Top of Supplied records

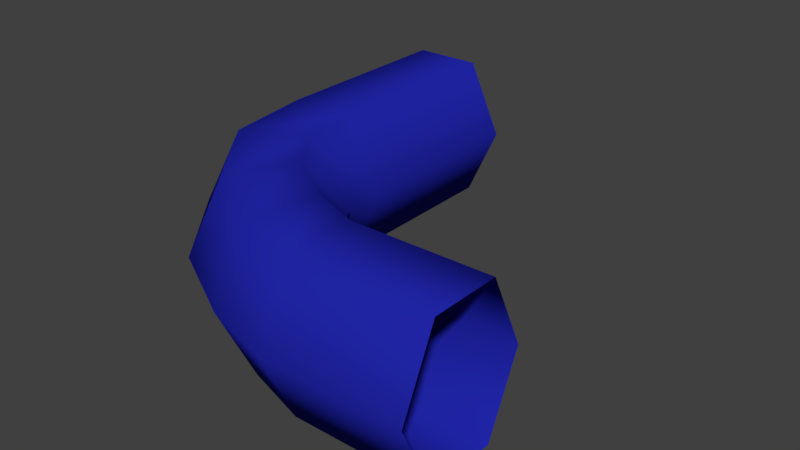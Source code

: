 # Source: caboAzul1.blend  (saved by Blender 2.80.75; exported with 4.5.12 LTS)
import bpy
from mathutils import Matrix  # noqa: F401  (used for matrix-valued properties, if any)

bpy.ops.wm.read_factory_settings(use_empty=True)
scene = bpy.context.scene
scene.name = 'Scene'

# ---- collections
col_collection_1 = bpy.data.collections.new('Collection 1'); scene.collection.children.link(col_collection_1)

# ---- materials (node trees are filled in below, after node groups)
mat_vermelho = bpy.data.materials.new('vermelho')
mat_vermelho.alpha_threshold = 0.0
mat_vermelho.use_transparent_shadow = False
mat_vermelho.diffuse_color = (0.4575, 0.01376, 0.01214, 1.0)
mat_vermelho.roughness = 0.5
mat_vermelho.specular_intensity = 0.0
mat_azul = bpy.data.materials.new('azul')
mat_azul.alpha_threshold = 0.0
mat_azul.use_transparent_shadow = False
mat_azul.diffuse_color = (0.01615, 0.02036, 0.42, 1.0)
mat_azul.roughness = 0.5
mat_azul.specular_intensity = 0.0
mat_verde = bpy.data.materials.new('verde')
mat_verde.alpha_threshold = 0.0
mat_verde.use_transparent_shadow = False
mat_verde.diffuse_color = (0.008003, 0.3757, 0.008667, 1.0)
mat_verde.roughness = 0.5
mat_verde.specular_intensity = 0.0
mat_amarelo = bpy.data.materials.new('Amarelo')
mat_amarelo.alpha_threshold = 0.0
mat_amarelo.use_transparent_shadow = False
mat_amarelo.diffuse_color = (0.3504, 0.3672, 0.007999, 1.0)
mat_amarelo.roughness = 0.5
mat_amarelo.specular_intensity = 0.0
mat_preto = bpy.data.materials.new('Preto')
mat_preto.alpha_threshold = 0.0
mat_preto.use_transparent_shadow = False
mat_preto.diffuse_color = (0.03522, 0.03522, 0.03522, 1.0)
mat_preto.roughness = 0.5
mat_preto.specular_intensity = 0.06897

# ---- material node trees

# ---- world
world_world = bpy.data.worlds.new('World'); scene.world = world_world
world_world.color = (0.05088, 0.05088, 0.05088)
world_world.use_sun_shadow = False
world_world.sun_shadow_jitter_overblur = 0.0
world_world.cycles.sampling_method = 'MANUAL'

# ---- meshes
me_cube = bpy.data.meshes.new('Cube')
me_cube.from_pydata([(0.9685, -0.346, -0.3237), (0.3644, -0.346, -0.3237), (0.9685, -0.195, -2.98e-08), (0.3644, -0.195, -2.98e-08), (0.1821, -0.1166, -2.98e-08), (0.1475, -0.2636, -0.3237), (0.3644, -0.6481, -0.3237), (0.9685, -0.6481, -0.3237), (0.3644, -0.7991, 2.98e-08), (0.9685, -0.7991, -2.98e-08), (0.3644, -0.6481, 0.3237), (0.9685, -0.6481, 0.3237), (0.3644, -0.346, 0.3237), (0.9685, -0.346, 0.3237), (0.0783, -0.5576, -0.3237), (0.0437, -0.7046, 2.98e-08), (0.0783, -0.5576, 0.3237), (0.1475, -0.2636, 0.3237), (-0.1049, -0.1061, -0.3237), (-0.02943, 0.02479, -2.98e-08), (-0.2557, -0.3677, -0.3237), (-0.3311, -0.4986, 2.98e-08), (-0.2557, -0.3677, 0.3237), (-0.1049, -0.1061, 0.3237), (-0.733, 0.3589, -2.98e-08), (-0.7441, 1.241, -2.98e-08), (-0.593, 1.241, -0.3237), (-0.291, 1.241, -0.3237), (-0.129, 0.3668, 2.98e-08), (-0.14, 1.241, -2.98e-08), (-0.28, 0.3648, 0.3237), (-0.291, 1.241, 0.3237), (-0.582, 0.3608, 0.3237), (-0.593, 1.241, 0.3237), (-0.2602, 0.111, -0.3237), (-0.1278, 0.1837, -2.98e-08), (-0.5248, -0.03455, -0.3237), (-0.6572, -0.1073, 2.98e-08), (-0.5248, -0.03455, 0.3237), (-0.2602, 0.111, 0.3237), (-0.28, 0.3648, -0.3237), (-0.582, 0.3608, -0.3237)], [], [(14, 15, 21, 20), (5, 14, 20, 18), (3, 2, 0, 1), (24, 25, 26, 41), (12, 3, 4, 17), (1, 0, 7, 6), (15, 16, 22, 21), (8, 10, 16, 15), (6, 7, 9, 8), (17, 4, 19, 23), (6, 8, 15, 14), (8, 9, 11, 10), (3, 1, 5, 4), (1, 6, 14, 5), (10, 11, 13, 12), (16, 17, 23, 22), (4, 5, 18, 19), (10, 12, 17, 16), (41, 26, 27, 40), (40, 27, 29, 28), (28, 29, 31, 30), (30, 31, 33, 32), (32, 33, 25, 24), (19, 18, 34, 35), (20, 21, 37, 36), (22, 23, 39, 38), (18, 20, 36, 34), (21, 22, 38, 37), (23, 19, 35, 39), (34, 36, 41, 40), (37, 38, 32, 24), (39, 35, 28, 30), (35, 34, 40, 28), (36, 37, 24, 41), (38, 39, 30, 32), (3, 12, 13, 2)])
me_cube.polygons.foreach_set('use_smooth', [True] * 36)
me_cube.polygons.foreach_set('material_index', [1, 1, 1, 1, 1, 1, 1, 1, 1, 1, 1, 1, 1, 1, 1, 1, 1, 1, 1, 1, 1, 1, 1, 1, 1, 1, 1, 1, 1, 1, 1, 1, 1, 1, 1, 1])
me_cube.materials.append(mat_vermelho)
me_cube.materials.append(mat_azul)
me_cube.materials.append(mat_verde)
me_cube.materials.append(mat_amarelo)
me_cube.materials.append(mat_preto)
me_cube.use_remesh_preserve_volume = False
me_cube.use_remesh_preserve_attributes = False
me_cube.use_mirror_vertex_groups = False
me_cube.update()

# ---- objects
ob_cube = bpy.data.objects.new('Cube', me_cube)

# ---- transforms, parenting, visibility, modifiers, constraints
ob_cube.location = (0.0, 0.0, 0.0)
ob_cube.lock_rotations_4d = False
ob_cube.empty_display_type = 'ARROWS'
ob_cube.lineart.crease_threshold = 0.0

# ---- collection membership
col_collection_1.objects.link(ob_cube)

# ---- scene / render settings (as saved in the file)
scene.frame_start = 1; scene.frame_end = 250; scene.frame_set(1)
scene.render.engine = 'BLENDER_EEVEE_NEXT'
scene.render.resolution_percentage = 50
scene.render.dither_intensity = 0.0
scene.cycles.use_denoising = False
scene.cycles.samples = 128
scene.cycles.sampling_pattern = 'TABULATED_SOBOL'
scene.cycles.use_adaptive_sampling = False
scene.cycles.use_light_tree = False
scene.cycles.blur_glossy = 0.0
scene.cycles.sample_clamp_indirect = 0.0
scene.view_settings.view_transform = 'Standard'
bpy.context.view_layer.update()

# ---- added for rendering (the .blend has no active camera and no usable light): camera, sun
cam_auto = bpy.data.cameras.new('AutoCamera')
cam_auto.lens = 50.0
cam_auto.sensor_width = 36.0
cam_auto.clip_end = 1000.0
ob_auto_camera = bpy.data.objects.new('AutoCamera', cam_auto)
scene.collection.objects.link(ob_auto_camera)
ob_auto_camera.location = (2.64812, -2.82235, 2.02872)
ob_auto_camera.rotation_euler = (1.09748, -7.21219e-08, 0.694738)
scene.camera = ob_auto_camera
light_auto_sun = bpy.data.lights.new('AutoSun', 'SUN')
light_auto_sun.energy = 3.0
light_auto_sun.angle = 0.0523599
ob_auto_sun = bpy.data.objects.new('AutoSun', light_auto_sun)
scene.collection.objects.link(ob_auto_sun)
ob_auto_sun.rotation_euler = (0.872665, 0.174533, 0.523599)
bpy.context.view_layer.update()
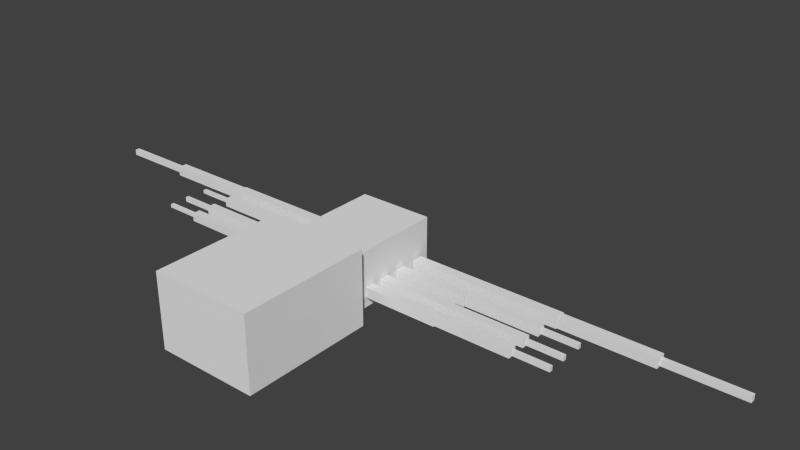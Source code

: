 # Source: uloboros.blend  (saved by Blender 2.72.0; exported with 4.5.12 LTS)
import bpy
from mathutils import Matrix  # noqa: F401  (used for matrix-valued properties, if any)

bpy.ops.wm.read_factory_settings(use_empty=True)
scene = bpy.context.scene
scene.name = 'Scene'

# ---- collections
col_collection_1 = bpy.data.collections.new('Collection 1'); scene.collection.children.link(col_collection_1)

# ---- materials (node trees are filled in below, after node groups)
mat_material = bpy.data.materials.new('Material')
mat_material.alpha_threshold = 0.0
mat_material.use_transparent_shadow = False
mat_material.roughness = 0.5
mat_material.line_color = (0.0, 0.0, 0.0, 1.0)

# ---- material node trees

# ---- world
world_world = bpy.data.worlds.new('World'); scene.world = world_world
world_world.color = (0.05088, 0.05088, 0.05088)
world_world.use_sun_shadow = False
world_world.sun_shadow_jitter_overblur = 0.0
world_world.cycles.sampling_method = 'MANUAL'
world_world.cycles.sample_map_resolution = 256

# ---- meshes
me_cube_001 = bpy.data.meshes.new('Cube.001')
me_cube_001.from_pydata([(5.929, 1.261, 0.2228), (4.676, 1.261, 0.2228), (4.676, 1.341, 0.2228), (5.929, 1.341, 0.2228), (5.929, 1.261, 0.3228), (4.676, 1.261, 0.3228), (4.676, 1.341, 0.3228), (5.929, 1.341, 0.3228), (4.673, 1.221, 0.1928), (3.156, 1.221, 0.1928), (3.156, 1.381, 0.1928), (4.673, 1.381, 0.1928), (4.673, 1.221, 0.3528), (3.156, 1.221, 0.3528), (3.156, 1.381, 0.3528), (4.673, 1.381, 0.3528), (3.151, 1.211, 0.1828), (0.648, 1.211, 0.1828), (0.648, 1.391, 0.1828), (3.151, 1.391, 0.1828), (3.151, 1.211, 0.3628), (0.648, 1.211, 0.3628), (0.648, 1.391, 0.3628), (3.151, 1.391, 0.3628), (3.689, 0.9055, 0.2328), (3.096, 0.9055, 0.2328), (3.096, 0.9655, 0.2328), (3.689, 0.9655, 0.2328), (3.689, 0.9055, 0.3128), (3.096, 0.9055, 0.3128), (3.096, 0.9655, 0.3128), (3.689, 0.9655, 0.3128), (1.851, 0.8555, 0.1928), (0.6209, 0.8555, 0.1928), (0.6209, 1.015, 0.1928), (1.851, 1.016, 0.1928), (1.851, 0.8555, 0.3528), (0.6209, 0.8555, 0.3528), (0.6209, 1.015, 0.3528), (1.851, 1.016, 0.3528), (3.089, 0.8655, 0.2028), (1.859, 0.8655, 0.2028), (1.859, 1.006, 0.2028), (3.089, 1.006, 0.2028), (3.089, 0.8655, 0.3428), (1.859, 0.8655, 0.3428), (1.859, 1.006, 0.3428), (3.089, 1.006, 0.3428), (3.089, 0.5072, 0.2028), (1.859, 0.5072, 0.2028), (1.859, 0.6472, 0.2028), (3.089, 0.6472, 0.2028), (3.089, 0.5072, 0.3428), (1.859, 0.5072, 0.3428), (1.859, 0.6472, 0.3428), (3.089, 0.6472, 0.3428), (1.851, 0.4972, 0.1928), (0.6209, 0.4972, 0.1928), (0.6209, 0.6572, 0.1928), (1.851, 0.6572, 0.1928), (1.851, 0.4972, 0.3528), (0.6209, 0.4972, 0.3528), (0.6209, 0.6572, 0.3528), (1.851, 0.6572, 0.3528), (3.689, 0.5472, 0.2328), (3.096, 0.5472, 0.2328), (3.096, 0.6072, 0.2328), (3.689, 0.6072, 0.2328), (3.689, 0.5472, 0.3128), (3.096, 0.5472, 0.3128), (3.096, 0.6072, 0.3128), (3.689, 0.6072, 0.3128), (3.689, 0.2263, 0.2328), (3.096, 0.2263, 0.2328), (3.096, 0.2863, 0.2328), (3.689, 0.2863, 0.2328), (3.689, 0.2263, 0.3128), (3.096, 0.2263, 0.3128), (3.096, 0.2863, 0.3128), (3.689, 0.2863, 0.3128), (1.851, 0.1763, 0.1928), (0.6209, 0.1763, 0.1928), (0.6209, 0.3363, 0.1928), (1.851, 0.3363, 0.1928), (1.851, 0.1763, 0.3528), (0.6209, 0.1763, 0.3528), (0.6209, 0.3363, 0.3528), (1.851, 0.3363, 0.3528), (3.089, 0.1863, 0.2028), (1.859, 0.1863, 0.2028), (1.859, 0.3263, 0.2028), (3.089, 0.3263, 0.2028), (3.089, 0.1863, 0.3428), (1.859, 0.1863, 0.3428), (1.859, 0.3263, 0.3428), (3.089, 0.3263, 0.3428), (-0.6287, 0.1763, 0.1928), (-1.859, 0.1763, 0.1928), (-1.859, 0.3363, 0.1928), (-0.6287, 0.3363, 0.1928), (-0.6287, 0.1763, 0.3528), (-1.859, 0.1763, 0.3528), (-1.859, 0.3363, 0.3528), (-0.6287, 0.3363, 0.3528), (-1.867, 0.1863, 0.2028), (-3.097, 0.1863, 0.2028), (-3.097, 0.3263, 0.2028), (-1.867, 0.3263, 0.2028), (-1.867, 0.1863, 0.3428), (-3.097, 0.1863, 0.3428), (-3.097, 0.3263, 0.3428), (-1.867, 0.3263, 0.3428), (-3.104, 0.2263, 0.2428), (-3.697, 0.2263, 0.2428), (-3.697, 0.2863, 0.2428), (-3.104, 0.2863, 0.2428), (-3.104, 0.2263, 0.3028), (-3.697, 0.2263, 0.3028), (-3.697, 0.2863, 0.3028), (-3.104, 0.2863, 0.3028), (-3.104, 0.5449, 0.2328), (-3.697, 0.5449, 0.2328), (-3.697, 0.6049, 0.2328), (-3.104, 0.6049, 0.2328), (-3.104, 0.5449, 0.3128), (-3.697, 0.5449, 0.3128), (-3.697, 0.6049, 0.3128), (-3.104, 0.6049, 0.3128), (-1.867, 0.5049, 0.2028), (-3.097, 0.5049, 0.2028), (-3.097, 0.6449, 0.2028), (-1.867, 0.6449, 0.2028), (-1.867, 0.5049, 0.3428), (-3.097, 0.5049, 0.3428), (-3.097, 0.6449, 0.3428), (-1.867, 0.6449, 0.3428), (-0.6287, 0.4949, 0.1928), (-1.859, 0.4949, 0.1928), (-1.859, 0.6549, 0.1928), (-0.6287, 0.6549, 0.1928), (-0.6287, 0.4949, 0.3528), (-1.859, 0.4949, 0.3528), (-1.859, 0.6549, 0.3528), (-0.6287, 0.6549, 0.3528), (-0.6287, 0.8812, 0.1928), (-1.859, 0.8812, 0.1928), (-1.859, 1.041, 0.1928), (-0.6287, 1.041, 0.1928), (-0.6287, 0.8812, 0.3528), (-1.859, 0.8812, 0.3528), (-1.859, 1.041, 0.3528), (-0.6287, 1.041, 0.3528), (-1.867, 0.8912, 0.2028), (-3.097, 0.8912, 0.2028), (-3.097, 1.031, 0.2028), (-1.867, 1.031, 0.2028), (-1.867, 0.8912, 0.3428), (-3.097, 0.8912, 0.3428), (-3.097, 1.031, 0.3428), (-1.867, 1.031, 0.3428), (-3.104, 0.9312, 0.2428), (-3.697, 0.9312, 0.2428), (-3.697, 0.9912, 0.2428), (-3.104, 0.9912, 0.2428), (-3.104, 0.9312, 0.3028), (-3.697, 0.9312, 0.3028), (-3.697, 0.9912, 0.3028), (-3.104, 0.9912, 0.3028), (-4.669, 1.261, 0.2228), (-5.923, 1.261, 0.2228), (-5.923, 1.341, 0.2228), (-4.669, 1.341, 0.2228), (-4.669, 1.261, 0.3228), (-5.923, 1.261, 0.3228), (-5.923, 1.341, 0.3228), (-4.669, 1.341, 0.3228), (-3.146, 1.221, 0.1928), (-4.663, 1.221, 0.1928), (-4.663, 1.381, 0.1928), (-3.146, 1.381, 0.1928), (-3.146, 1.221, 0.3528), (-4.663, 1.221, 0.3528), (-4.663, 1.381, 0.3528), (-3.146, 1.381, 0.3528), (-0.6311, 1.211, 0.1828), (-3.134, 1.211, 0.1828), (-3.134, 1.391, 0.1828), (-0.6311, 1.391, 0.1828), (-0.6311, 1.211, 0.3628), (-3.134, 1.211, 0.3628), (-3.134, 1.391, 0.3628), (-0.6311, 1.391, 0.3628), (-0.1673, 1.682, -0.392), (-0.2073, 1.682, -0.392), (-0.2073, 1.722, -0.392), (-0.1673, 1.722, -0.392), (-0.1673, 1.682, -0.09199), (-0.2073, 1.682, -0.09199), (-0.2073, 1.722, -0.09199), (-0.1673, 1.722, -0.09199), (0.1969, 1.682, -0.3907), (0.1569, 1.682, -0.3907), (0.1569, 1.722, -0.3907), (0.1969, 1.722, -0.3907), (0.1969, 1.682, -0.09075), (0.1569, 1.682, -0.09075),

Bottom of Supplied records

● Instructions to follow: Copy exactly the stretch of data above from the line with "mat_azul = bpy.data.materials.new('azul')" through the line with "mat_amarelo.specular_intensity = 0.0", and omit all other lines.

● Output for this task:
mat_azul = bpy.data.materials.new('azul')
mat_azul.alpha_threshold = 0.0
mat_azul.use_transparent_shadow = False
mat_azul.diffuse_color = (0.01615, 0.02036, 0.42, 1.0)
mat_azul.roughness = 0.5
mat_azul.specular_intensity = 0.0
mat_verde = bpy.data.materials.new('verde')
mat_verde.alpha_threshold = 0.0
mat_verde.use_transparent_shadow = False
mat_verde.diffuse_color = (0.008003, 0.3757, 0.008667, 1.0)
mat_verde.roughness = 0.5
mat_verde.specular_intensity = 0.0
mat_amarelo = bpy.data.materials.new('Amarelo')
mat_amarelo.alpha_threshold = 0.0
mat_amarelo.use_transparent_shadow = False
mat_amarelo.diffuse_color = (0.3504, 0.3672, 0.007999, 1.0)
mat_amarelo.roughness = 0.5
mat_amarelo.specular_intensity = 0.0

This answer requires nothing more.